As the chairman of the nomination committee, I carry out work in strict accordance with the provisions of the working rules for independent directors, the working rules for the nomination committee and other relevant systems, organize and participate in the work of the nomination committee. On the basis of fully understanding the education, work and other background of the nominees, I carefully review, search for excellent talents for the company, and actively perform the duties of the nomination committee according to the actual situation of the company.
As a member of the company’s strategy committee, combined with the development of the company’s industry and the company’s own development, I reviewed the company’s long-term development strategy and major investment decisions and put forward my own suggestions, played the supervisory role of independent directors and protected the interests of the company and the majority of shareholders.
As a member of the audit committee, I participated in the work of the audit committee, reviewed the company’s internal audit and periodic reports, supervised the progress of the audit work, supervised the company’s internal audit department and its work, strengthened the communication between external audit and internal audit, deliberated on the company’s major financial information disclosure, supervised the company’s internal control system, and played the supervisory role of the audit committee.
5、 Training and learning
In 2021, I carefully studied the relevant laws, regulations and relevant documents of China Securities Regulatory Commission, Jiangsu securities regulatory bureau and Shenzhen Stock Exchange, deepened my understanding and understanding of relevant laws and regulations such as regulating corporate governance and protecting the interests of public shareholders, continuously improved my ability to perform my duties, provided better opinions and suggestions for the company’s scientific decision-making and risk prevention, and effectively strengthened the ability to protect the legitimate rights and interests of the company and investors.

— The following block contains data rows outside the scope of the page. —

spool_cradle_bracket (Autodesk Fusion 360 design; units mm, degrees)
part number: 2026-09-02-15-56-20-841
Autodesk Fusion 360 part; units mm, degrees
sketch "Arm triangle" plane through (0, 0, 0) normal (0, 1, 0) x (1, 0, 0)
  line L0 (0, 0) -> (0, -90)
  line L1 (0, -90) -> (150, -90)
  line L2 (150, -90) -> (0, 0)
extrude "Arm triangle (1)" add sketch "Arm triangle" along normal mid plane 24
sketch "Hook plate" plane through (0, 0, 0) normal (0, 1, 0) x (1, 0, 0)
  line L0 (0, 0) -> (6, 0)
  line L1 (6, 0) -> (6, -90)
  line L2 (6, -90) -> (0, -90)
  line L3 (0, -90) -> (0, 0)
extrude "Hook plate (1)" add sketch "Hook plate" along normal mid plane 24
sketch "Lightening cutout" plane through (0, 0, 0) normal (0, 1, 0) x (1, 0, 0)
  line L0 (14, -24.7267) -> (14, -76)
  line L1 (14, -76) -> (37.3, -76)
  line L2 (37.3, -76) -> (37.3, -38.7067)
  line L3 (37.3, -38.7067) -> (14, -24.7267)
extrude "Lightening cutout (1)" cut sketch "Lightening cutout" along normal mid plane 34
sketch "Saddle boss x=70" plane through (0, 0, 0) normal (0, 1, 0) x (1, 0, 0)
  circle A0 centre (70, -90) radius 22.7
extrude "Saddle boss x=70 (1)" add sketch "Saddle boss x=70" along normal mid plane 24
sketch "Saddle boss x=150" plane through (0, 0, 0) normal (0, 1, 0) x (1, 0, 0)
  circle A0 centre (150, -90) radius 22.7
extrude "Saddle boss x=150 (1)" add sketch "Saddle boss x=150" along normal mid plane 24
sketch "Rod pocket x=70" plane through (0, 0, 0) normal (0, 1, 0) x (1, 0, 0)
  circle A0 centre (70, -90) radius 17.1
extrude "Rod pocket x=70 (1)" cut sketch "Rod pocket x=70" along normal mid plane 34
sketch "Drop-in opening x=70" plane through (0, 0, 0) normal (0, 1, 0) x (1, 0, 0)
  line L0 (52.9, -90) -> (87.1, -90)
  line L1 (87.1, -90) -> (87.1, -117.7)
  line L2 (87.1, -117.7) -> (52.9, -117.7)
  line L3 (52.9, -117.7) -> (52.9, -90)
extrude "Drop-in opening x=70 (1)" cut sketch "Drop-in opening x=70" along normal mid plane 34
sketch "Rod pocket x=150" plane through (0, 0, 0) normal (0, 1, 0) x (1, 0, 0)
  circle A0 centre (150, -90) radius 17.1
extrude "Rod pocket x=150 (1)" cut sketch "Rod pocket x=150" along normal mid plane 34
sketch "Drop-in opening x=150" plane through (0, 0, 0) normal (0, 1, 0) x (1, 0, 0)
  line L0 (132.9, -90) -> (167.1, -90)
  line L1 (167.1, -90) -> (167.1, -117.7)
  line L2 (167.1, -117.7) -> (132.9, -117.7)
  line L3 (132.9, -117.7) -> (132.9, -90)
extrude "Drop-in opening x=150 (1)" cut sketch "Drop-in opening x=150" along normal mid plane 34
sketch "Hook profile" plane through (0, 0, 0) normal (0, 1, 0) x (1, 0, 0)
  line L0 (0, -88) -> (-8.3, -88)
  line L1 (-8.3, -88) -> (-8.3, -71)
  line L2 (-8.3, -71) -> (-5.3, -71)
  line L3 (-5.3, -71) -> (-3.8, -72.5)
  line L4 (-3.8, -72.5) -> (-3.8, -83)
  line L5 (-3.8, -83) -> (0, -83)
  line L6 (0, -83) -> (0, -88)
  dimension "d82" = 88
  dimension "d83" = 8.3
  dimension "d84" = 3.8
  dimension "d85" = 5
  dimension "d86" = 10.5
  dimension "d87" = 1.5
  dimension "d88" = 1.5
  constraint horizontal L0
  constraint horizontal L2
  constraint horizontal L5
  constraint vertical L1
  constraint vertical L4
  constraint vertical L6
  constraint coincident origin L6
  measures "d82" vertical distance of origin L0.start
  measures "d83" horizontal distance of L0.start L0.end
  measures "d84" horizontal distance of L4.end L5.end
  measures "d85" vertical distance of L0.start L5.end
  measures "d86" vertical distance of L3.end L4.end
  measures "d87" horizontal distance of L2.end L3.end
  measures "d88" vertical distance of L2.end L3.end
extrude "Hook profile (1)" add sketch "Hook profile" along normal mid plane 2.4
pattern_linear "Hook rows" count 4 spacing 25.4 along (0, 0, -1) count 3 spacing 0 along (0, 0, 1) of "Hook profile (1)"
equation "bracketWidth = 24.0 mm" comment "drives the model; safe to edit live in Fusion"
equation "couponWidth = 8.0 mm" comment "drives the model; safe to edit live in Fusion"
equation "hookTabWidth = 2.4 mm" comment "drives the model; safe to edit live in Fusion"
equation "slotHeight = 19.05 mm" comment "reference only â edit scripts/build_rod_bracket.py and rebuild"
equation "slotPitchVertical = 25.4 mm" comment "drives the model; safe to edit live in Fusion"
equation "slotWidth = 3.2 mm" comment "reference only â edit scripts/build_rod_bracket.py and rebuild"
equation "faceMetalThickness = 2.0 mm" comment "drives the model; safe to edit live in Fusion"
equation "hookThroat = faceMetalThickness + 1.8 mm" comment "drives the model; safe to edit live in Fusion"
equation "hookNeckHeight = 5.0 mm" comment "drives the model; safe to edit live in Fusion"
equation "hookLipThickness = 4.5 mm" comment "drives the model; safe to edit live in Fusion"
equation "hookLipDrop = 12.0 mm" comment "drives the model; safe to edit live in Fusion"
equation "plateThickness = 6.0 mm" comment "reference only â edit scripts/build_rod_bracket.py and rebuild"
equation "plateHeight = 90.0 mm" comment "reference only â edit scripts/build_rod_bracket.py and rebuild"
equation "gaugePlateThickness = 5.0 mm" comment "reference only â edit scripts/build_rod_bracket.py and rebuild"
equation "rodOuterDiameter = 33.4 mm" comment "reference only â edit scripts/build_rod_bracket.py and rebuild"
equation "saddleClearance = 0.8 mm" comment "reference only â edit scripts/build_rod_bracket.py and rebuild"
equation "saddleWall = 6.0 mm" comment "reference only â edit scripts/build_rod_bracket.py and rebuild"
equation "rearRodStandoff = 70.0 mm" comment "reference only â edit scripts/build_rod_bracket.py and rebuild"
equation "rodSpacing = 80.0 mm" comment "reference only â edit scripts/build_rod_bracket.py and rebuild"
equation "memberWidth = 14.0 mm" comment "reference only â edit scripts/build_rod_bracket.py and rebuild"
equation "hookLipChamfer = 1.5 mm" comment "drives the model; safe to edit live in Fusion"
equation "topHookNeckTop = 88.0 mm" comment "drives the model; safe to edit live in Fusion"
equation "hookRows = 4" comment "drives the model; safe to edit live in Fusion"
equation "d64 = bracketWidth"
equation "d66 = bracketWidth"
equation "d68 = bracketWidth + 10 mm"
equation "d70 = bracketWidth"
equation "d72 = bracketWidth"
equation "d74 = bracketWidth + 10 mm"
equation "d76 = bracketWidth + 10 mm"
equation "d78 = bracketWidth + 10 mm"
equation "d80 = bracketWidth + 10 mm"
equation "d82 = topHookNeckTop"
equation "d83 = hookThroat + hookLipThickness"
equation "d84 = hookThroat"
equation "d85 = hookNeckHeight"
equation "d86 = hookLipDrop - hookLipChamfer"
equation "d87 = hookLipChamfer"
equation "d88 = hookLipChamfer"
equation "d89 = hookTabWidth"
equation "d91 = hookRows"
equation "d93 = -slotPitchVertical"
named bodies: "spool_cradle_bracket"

6、 Other working conditions
1. No independent directors proposed to convene the board of directors;
2. No independent director proposes to hire or dismiss an accounting firm;
3. There are no external audit institutions and consulting institutions employed by independent directors.
As an independent director of the company, I faithfully perform my duties, actively participate in the decision-making of major matters of the company, and offer advice and suggestions for the healthy development of the company. In 2022, I will spare more time to understand the company’s business, study laws and regulations and documents on strengthening supervision of listed companies, continue to perform the duties of independent directors in the spirit of integrity and diligence, in accordance with the provisions and requirements of laws, regulations and the articles of association, give full play to the role of independent directors, and resolutely safeguard the legitimate rights and interests of all shareholders, especially small and medium-sized shareholders. At the same time, make use of their professional knowledge and experience to provide more constructive opinions and suggestions for the development of the company, provide reference opinions for the scientific decision-making of the board of directors, and promote the company to become stronger and bigger, and develop continuously and healthily. It is hereby reported.